Caffeine is a widely used inhibitor of the protein kinases that play a central role in the DNA damage response. We used chemical inhibitors and genetically deficient mouse embryonic stem cell lines to study the role of DNA damage response in stable integration of the transfected DNA and found that caffeine rapidly, efficiently and reversibly inhibited homologous integration of the transfected DNA as measured by several homologous recombination-mediated gene-targeting assays.

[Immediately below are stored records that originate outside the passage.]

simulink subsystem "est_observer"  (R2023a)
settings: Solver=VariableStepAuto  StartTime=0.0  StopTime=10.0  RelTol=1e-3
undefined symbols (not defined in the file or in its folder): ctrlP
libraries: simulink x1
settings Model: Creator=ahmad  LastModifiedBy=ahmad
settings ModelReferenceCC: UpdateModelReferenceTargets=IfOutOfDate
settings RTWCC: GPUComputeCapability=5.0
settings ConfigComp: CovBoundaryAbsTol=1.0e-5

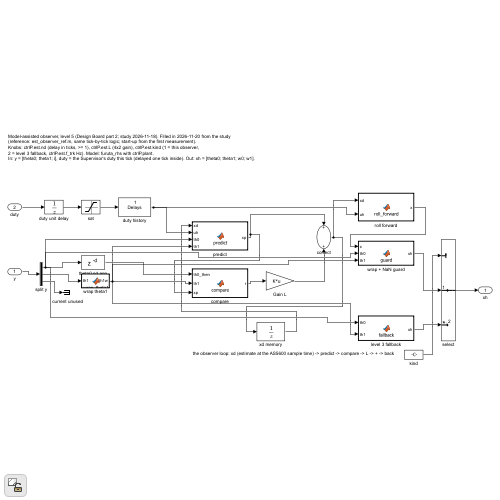
[thumbnail: Simulink's stored preview of the top-level diagram]
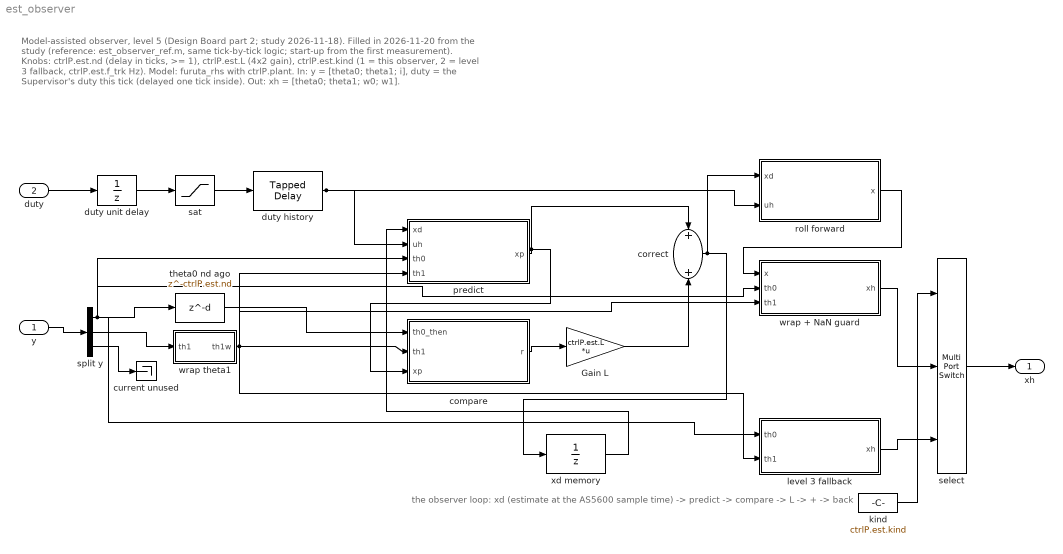
== system est_observer ==
  note: Model-assisted observer, level 5 (Design Board part 2; study 2026-11-18). Filled in 2026-11-20 from the study
      | (reference: est_observer_ref.m, same tick-by-tick logic; start-up from the first measurement).
      | Knobs: ctrlP.est.nd (delay in ticks, >= 1), ctrlP.est.L (4x2 gain), ctrlP.est.kind (1 = this observer,
      | 2 = level 3 fallback, ctrlP.est.f_trk Hz). Model: furuta_rhs with ctrlP.plant.
      | In: y = [theta0; theta1; i], duty = the Supervisor's duty this tick (delayed one tick inside). Out: xh = [theta0; theta1; w0; w1].
  note: the observer loop: xd (estimate at the AS5600 sample time) -> predict -> compare -> L -> + -> back
  y : Inport
  duty : Inport  Port=2
  Gain L : Gain  Gain=ctrlP.est.L  Multiplication=Matrix(K*u)
  compare : MATLAB Function  TreatAsAtomicUnit=on
  correct : Sum
  current unused : Terminator
  duty history : simulink/Discrete/Tapped Delay  vinit=0  samptime=ctrlP.Ts  NumDelays=ctrlP.est.nd  DelayOrder=Oldest  includeCurrent=on
  duty unit delay : UnitDelay  SampleTime=ctrlP.Ts
  kind : Constant  Value=ctrlP.est.kind
  level 3 fallback : MATLAB Function  TreatAsAtomicUnit=on
  predict : MATLAB Function  TreatAsAtomicUnit=on
  roll forward : MATLAB Function  TreatAsAtomicUnit=on
  sat : Saturate
  select : MultiPortSwitch  Inputs=2  SaturateOnIntegerOverflow=off  InputSameDT=off
  split y : Demux  Outputs=3
  theta0 nd ago : Delay  DelayLength=ctrlP.est.nd  InitialCondition=0  SampleTime=ctrlP.Ts
  wrap + NaN guard : MATLAB Function  TreatAsAtomicUnit=on
  wrap theta1 : MATLAB Function  TreatAsAtomicUnit=on
  xd memory : UnitDelay  InitialCondition=[0; pi; 0; 0]  SampleTime=ctrlP.Ts
  xh : Outport
  wires:
  y/1 -> split y/1
  split y/3 -> current unused/1
  split y/1 -> theta0 nd ago/1, wrap + NaN guard/2(th0), level 3 fallback/1(th0), predict/3(th0)
  split y/2 -> wrap theta1/1(th1)
  duty/1 -> duty unit delay/1
  duty unit delay/1 -> sat/1
  sat/1 -> duty history/1
  xd memory/1 -> predict/1(xd)
  duty history/1 -> predict/2(uh), roll forward/2(uh)
  theta0 nd ago/1 -> compare/1(th0_then)
  wrap theta1/1(th1w) -> compare/2(th1), wrap + NaN guard/3(th1), level 3 fallback/2(th1), predict/4(th1)
  predict/1(xp) -> compare/3(xp), correct/1
  compare/1(r) -> Gain L/1
  Gain L/1 -> correct/2
  correct/1 -> xd memory/1, roll forward/1(xd)
  roll forward/1(x) -> wrap + NaN guard/1(x)
  kind/1 -> select/1
  wrap + NaN guard/1(xh) -> select/2
  level 3 fallback/1(xh) -> select/3
  select/1 -> xh/1

== matlab function est_observer/predict ==
  data: xd input; xp output; uh input; th0 input; th1 input; ctrlP parameter
function xp = predict(xd, uh, th0, th1, ctrlP)
% Step the estimate at the AS5600 sample time one tick forward with the model.
% xd : estimate at the previous sample time (xd memory)
% uh : duty history [oldest ... newest] (nd+1 values); the OLDEST one acted during this step
% th0, th1 : the readings now; used once, to start from the first measurement (speeds 0)
% One RK4 step of furuta_rhs over ctrlP.Ts, in ctrlP.est.sub substeps (2 in the 2026-11-18 study).
persistent started
if isempty(started), started = false; end
if ~started
    started = true;
    xp = [th0; th1; 0; 0];
    return
end
p = ctrlP.plant; h = ctrlP.Ts/ctrlP.est.sub;
xp = xd;
xp(2) = mod(xp(2) + pi, 2*pi) - pi;           % keep the memory bounded when the pendulum spins
for q = 1:ctrlP.est.sub
    k1 = furuta_rhs(xp, uh(1), p); k2 = furuta_rhs(xp + h/2*k1, uh(1), p);
    k3 = furuta_rhs(xp + h/2*k2, uh(1), p); k4 = furuta_rhs(xp + h*k3, uh(1), p);
    xp = xp + h/6*(k1 + 2*k2 + 2*k3 + k4);
end

== matlab function est_observer/wrap theta1 ==
  data: th1 input; th1w output
function th1w = wrap_theta1(th1)
% theta1 wrapped to [-pi, pi), 0 = upright
th1w = mod(th1 + pi, 2*pi) - pi;

== matlab function est_observer/compare ==
  data: th0_then input; r output; th1 input; xp input; ctrlP parameter
function r = compare(th0_then, th1, xp, ctrlP)
% miss = measured - predicted, for both angles (2x1). The pendulum miss is wrapped to [-pi, pi).
% For the first nd ticks "theta0 nd ago" is still its initial 0, not a reading: its miss is ignored.
persistent n
if isempty(n), n = 0; end
n = n + 1;
r = [th0_then - xp(1); mod(th1 - xp(2) + pi, 2*pi) - pi];
if n <= ctrlP.est.nd, r(1) = 0; end

== matlab function est_observer/roll forward ==
  data: xd input; x output; uh input; ctrlP parameter
function x = roll_forward(xd, uh, ctrlP)
% Roll a COPY of xd forward to now through the newer duties uh(2:end) (nd ticks, ctrlP.est.sub RK4 substeps each).
p = ctrlP.plant; h = ctrlP.Ts/ctrlP.est.sub;
x = xd;
for j = 2:numel(uh)
    for q = 1:ctrlP.est.sub
        k1 = furuta_rhs(x, uh(j), p); k2 = furuta_rhs(x + h/2*k1, uh(j), p);
        k3 = furuta_rhs(x + h/2*k2, uh(j), p); k4 = furuta_rhs(x + h*k3, uh(j), p);
        x = x + h/6*(k1 + 2*k2 + 2*k3 + k4);
    end
end

== matlab function est_observer/wrap + NaN guard ==
  data: x input; xh output; th0 input; th1 input
function xh = guard(x, th0, th1)
% Wrap theta1 to [-pi, pi); if the estimate is not finite, fall back to the readings with speeds 0.
xh = x;
xh(2) = mod(xh(2) + pi, 2*pi) - pi;
if any(~isfinite(xh))
    xh = [th0; th1; 0; 0];
end

== matlab function est_observer/level 3 fallback ==
  data: th0 input; xh output; th1 input; ctrlP parameter
function xh = fallback(th0, th1, ctrlP)
% Level 3: alpha-beta tracking loop on both angles (critically damped, ctrlP.est.f_trk Hz), with
% theta1 pushed forward by the lag (nd ticks) using its speed. No model.
persistent th w
if isempty(th), th = [th0; th1]; w = [0; 0]; end
Ts = ctrlP.Ts;
lam = exp(-2*pi*ctrlP.est.f_trk*Ts); al = 1 - lam^2; be = (1 - lam)^2;
thp = th + Ts*w;
r = [th0; th1] - thp; r(2) = mod(r(2) + pi, 2*pi) - pi;
th = thp + al*r; th(2) = mod(th(2) + pi, 2*pi) - pi;
w = w + be/Ts*r;
xh = [th(1); mod(th(2) + w(2)*ctrlP.est.nd*Ts + pi, 2*pi) - pi; w];

Biochemical and structural biology experiments revealed that caffeine interfered with a pivotal step in homologous recombination, homologous joint molecule formation, through increasing interactions of the RAD51 nucleoprotein filament with non-homologous DNA. Our results suggest that recombination pathways dependent on extensive homology search are caffeine-sensitive and stress the importance of considering direct checkpoint-independent mechanisms in the interpretation of the effects of caffeine on DNA repair.

Highlights

  • Gene targeting (GT) by homologous recombination (HR) is a genetic tool of unrivaled power and flexibility [1,2] that was instrumental in the development of the famous double-strand break (DSB) model of HR [3,4]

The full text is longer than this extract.